Insights into "Trust the PRoC3S: Solving Long-Horizon Robotics Problems with LLMs and Constraint Satisfaction"

"Trust the PRoC3S" investigates the application of Pretrained LLMs to solve complex long-horizon robotics planning tasks characterized by constraints and continuous parameters. Traditional robotic task and motion planning frameworks often rely on predefined symbolic components such as predicates and operators to achieve specific goals. However, they struggle in dynamic environments where constraints and goals constantly evolve. This paper attempts to bridge these limitations by integrating LLMs with constraint satisfaction techniques to output a sequence of parameterized skills that adhere to kinematic, geometric, and physical constraints without requiring manual symbolic specifications.

Methodological Overview

The authors introduce a framework called PRoC3S, where the task of planning for robots is rearticulated as a Continuous Constraint Satisfaction Problem (CCSP). The approach is unorthodox in its incorporation of code generation capabilities of LLMs to dynamically draft and modify robotic plans as programs. These programs, termed LLM Programs (LMPs), are parameterized to reflect environmental variability. The paper proposes a two-phase process:

  1. LMP Generation: The LLM is prompted to produce a function that generates a plan-sketch of parameterized skills, with the plan's parameters tied to sampler functions. This phase results in a set of open parameters that require resolution to achieve goals without constraint violations.
  2. Constraint Satisfaction and Feedback: The second phase involves solving the CCSP by selecting parameter values through sampling. This configuration should yield sequence and parameter choices that satisfy constraints and execute the tasks without failures. Unsuccessful attempts provide constraints-feedback to refine future program outputs.

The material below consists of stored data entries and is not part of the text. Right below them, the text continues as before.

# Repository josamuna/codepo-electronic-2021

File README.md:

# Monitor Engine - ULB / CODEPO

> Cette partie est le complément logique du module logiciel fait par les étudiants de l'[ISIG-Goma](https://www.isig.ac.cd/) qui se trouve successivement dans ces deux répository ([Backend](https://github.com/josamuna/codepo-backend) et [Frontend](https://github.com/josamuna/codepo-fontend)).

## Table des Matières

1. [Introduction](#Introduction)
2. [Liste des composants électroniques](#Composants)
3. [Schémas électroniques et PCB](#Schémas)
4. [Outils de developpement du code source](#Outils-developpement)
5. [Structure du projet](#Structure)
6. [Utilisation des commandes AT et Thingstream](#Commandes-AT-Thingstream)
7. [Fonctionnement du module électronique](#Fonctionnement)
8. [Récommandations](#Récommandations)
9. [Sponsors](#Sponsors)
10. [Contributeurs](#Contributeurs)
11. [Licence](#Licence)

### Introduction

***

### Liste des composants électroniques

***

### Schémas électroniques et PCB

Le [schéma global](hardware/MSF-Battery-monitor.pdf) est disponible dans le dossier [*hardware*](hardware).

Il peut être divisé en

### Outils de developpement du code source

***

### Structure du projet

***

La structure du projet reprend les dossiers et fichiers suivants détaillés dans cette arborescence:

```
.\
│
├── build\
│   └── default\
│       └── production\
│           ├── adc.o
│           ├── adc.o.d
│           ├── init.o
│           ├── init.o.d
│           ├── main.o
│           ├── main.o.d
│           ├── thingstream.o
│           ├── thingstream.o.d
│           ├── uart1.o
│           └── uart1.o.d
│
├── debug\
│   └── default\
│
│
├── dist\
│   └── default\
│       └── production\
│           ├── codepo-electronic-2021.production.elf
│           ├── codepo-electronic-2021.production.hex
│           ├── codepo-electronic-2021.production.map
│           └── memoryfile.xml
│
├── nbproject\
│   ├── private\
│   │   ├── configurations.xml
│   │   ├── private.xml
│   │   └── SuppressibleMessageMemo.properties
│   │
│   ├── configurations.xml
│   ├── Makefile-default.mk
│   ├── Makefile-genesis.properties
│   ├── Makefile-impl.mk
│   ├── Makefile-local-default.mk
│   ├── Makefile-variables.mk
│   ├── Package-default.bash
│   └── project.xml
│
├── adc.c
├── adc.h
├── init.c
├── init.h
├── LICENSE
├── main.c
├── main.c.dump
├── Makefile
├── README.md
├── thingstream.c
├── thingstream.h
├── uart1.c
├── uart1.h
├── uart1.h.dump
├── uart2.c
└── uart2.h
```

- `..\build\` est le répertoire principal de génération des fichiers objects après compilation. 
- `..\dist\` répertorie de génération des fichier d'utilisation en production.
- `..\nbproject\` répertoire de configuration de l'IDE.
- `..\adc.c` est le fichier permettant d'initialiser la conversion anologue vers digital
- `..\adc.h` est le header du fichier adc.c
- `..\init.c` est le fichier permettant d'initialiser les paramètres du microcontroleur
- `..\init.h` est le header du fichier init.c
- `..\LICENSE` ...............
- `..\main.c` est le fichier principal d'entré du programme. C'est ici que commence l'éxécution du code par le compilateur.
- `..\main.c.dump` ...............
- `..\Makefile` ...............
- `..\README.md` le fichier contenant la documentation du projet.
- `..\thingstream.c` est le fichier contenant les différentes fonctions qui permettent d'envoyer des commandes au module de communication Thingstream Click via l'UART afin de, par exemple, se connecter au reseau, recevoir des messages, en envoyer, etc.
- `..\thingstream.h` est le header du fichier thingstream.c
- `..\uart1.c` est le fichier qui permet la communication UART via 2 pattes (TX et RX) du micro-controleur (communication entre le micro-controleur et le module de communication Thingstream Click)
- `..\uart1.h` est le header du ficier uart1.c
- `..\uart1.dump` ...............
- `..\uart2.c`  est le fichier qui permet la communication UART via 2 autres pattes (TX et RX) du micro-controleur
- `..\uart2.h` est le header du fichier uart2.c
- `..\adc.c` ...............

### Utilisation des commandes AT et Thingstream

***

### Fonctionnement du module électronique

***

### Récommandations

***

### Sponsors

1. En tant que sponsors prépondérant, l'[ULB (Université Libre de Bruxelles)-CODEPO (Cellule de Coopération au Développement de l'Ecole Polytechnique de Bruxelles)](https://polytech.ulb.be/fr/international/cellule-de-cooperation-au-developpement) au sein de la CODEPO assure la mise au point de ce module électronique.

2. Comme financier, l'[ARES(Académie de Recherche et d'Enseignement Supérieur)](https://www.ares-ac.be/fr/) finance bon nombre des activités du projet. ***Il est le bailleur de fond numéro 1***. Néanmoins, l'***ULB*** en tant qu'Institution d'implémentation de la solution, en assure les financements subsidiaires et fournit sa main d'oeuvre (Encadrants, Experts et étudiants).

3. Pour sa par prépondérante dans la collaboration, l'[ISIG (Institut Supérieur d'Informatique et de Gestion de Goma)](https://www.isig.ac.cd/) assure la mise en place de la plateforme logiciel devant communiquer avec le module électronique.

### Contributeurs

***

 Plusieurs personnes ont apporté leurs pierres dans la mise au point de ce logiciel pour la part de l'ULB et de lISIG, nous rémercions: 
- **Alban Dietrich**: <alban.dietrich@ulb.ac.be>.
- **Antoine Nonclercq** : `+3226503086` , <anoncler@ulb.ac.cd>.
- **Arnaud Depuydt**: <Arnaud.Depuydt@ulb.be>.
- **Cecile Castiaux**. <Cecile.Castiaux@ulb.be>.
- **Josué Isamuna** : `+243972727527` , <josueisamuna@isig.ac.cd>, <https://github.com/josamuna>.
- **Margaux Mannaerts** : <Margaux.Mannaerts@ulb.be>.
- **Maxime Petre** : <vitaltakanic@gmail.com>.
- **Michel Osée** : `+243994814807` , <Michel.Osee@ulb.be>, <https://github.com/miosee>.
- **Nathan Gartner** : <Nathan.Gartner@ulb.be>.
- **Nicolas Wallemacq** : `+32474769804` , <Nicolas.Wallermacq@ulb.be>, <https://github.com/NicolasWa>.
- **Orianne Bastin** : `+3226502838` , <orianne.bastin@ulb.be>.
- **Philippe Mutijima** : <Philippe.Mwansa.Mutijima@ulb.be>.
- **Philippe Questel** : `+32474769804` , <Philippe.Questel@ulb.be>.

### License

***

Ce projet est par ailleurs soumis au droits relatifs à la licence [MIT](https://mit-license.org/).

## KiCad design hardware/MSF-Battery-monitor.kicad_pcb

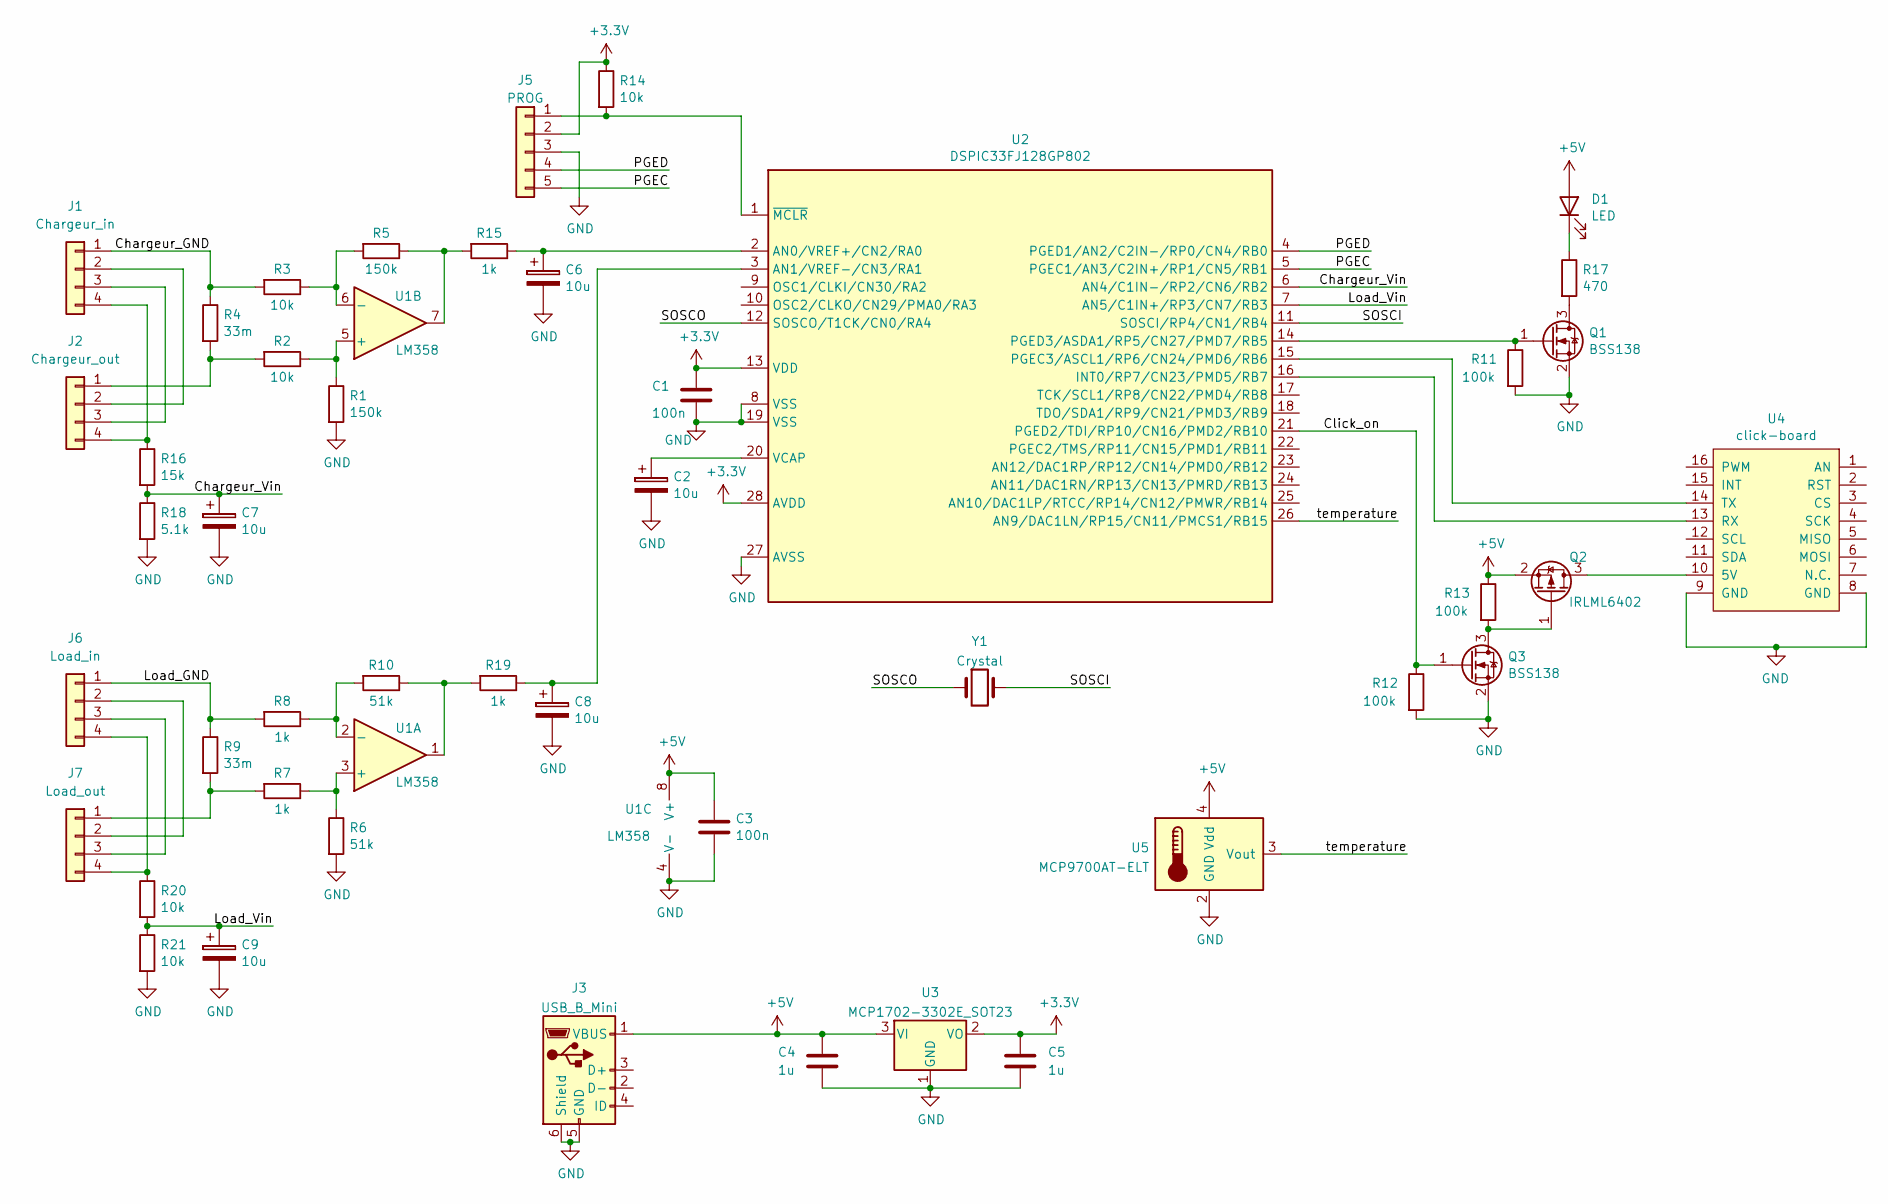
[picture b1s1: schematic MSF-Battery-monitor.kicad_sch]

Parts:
C1, C3: 100n; C_Disc_D7.0mm_W2.5mm_P5.00mm
C2, C6, C7, C8, C9: 10u; CP_Radial_D6.3mm_P2.50mm
C4, C5: 1u; C_0805_2012Metric_Pad1.18x1.45mm_HandSolder
D1: LED; LED_1206_3216Metric_Pad1.42x1.75mm_HandSolder
J1: Chargeur_in; PinHeader_1x04_P2.54mm_Vertical
J2: Chargeur_out; PinHeader_1x04_P2.54mm_Vertical
J3: USB_B_Mini; USB_Micro-B_Molex-105017-0001
J5: PROG; PinHeader_1x05_P2.54mm_Vertical
J6: Load_in; PinHeader_1x04_P2.54mm_Vertical
J7: Load_out; PinHeader_1x04_P2.54mm_Vertical
Q1, Q3: BSS138; SOT-23
Q2: IRLML6402; SOT-23
R1, R5: 150k; R_Axial_DIN0207_L6.3mm_D2.5mm_P10.16mm_Horizontal
R2, R3, R14, R20, R21: 10k; R_Axial_DIN0207_L6.3mm_D2.5mm_P10.16mm_Horizontal
R4, R9: 33m; R_2512_6332Metric_Pad1.52x3.35mm_HandSolder
R6, R10: 51k; R_Axial_DIN0207_L6.3mm_D2.5mm_P10.16mm_Horizontal
R7, R8, R15, R19: 1k; R_Axial_DIN0207_L6.3mm_D2.5mm_P10.16mm_Horizontal
R11, R12, R13: 100k; R_0805_2012Metric_Pad1.15x1.40mm_HandSolder
R16: 15k; R_Axial_DIN0207_L6.3mm_D2.5mm_P10.16mm_Horizontal
R17: 470; R_0805_2012Metric_Pad1.15x1.40mm_HandSolder
R18: 5.1k; R_Axial_DIN0207_L6.3mm_D2.5mm_P10.16mm_Horizontal
U1: LM358; DIP-8_W7.62mm_LongPads
U2: DSPIC33FJ128GP802; DIP-28_W7.62mm_LongPads
U3: MCP1702-3302E_SOT23; SOT-23
U4: click-board; Click-board
U5: MCP9700AT-ELT; SOT-353_SC-70-5
Y1: Crystal; Crystal_AT310_D3.0mm_L10.0mm_Vertical

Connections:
+3V3: C1.1, C5.1, J5.2, R14.1, U2.13 (VDD), U2.28 (AVDD), U3.2 (VO)
+5V: C3.1, C4.1, D1.2 (A), J3.1 (VBUS), Q2.2 (S), R13.1, U1.8 (V+), U3.3 (VI), U5.4 (Vdd)
/Chargeur_GND: J1.1, R3.2, R4.1
/Chargeur_Vin: C7.1, R16.2, R18.1, U2.6 (AN4/C1IN-/RP2/CN6/RB2)
/Click_on: Q3.1 (G), R12.1, U2.21 (PGED2/TDI/RP10/CN16/PMD2/RB10)
/Load_GND: J6.1, R8.2, R9.1
/Load_Vin: C9.1, R20.2, R21.1, U2.7 (AN5/C1IN+/RP3/CN7/RB3)
/PGEC: J5.5, U2.5 (PGEC1/AN3/C2IN+/RP1/CN5/RB1)
/PGED: J5.4, U2.4 (PGED1/AN2/C2IN-/RP0/CN4/RB0)
/SOSCI: U2.11 (SOSCI/RP4/CN1/RB4), Y1.2
/SOSCO: U2.12 (SOSCO/T1CK/CN0/RA4), Y1.1
/temperature: U2.26 (AN9/DAC1LN/RP15/CN11/PMCS1/RB15), U5.3 (Vout)
GND: C1.2, C2.2, C3.2, C4.2, C5.2, C6.2, C7.2, C8.2, C9.2, J3.5 (GND), J3.6 (Shield), J5.3, Q1.2 (S), Q3.2 (S), R1.2, R6.2, R11.2, R12.2, R18.2, R21.2, U1.4 (V-), U2.8 (VSS), U2.19 (VSS), U2.27 (AVSS), U3.1 (GND), U4.8 (GND), U4.9 (GND), U5.2 (GND)
unnamed: C2.1, U2.20 (VCAP)
unnamed: C6.1, R15.1, U2.2 (AN0/VREF+/CN2/RA0)
unnamed: C8.1, R19.1, U2.3 (AN1/VREF-/CN3/RA1)
unnamed: D1.1 (K), R17.1
unnamed: J1.2, J2.2
unnamed: J1.3, J2.3
unnamed: J1.4, J2.4, R16.1
unnamed: J2.1, R2.2, R4.2
unnamed: J5.1, R14.2, U2.1 (~MCLR)
unnamed: J6.2, J7.2
unnamed: J6.3, J7.3
unnamed: J6.4, J7.4, R20.1
unnamed: J7.1, R7.2, R9.2
unnamed: Q1.1 (G), R11.1, U2.14 (PGED3/ASDA1/RP5/CN27/PMD7/RB5)
unnamed: Q1.3 (D), R17.2
unnamed: Q2.1 (G), Q3.3 (D), R13.2
unnamed: Q2.3 (D), U4.10 (5V)
unnamed: R1.1, R2.1, U1.5 (+)
unnamed: R3.1, R5.2, U1.6 (-)
unnamed: R6.1, R7.1, U1.3 (+)
unnamed: R10.1, R19.2, U1.1
unnamed: R8.1, R10.2, U1.2 (-)
unnamed: R5.1, R15.2, U1.7
unnamed: U2.15 (PGEC3/ASCL1/RP6/CN24/PMD6/RB6), U4.14 (TX)
unnamed: U2.16 (INT0/RP7/CN23/PMD5/RB7), U4.13 (RX)

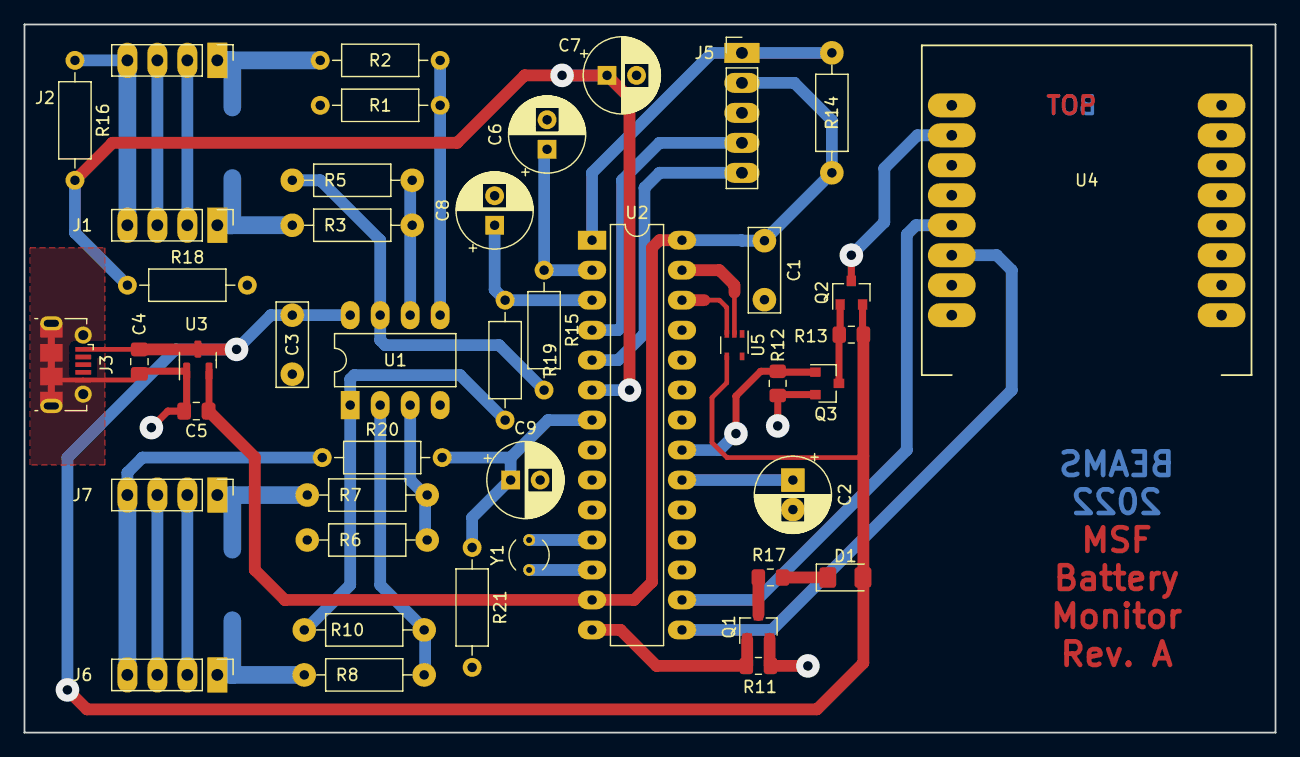
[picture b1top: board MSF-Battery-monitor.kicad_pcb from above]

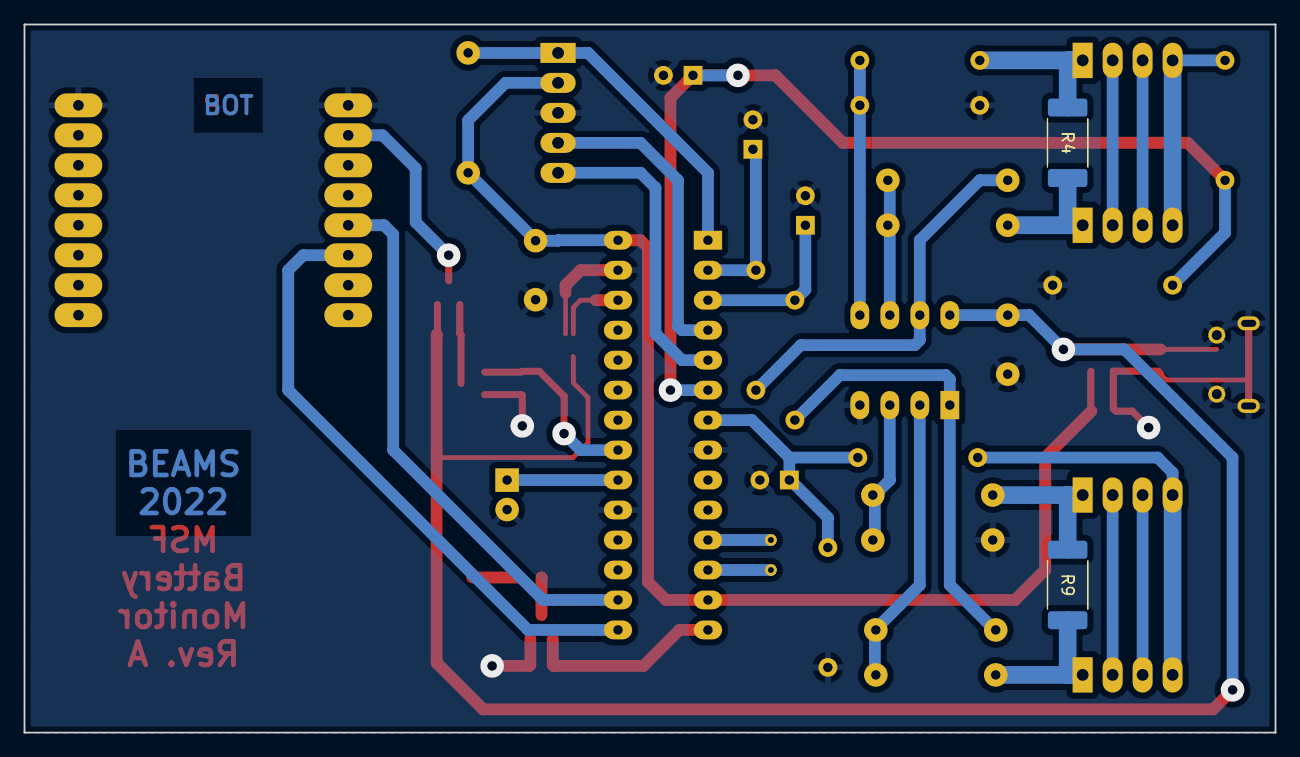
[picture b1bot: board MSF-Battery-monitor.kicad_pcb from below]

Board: 2 copper layers, 106.0 x 60.0 mm, 46 parts (2 on the bottom side), 38 nets.

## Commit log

2022-02-04 UpdateReadme.md-2022-02-04
2022-02-07 Update README.md
    adc.c est mentionné deux fois , est-ce normal? J'ai complété les pointillés des fonctions que nous avions faites. Les fichiers .dumps ne sont pas importants
2022-03-04 Réorganisation de l'arborescence + début de documentation
2022-03-14 Version test 10/03/2022
2022-03-14 Bug fix: lecture des messages du click
    En cas de message d'erreur, s'il est plus long que le message de succès, on ne lisait pas tous les caractères du message, ce qui se répercutait sur le message suivant.
2022-04-01 adaptation au nouveau PCB
    ajout d'une simulation de multi-modules
2022-04-25 seconde tentative
2022-04-28 Sleep sur batterie
2022-05-03 version avec timer1 isr
2022-05-03 passage au timer1 et mise à jour du PCB

Experimental and Numerical Validation

Experiments were conducted to validate PRoC3S across three simulated domains (Drawing, Arrange-Blocks, and Arrange-YCB). Each task required solving planning problems with realistic environmental constraints. The results indicated that PRoC3S demonstrated superior efficiency and success rates in accomplishing constraints-laden tasks compared to other contemporary methodologies without system-level modifications or assumptions. The constraints focused primarily on common challenges in robotics such as kinematics, collision, grasp, and placement, reinforcing the locking-unlocking cycle that environment constraints often induce in real-world robotics applications.

Theoretical and Practical Implications

This integration of LLMs with constraint satisfaction modeling is indicative of a shift towards more adaptive robotic planning solutions. By leveraging LLMs' inherent capacity to process and sequence information contextually, and guiding them with environmental feedback mechanisms, PRoC3S has demonstrated that underspecified and generalized task environments can be managed effectively. It opens avenues for developing LMPs that are potentially transferable across tasks and environments, reducing dependency on domain-specific knowledge for robotic planning.

Future Trajectories in AI and Robotics

While the findings of this research offer an advanced methodology in simplifying robotic task planning in constraint-heavy environments, the potential applications and development extend beyond the immediate context. Future work could explore optimization algorithms integral to the sampling procedure for greater efficiency. Moreover, embedding visual reasoning elements may allow the system to handle a broader range of constraint types without prespecified classifiers.

The paper points towards an evolving paradigm where robotic systems can autonomously contextualize and derive operational strategies in highly variable environments. As LLM capabilities continue to mature, there will be deeper integration into even more complex and less deterministic robotic systems, potentially blurring the lines between task and motion planning on one hand, and heuristic-driven, autonomously evolving methodologies on the other.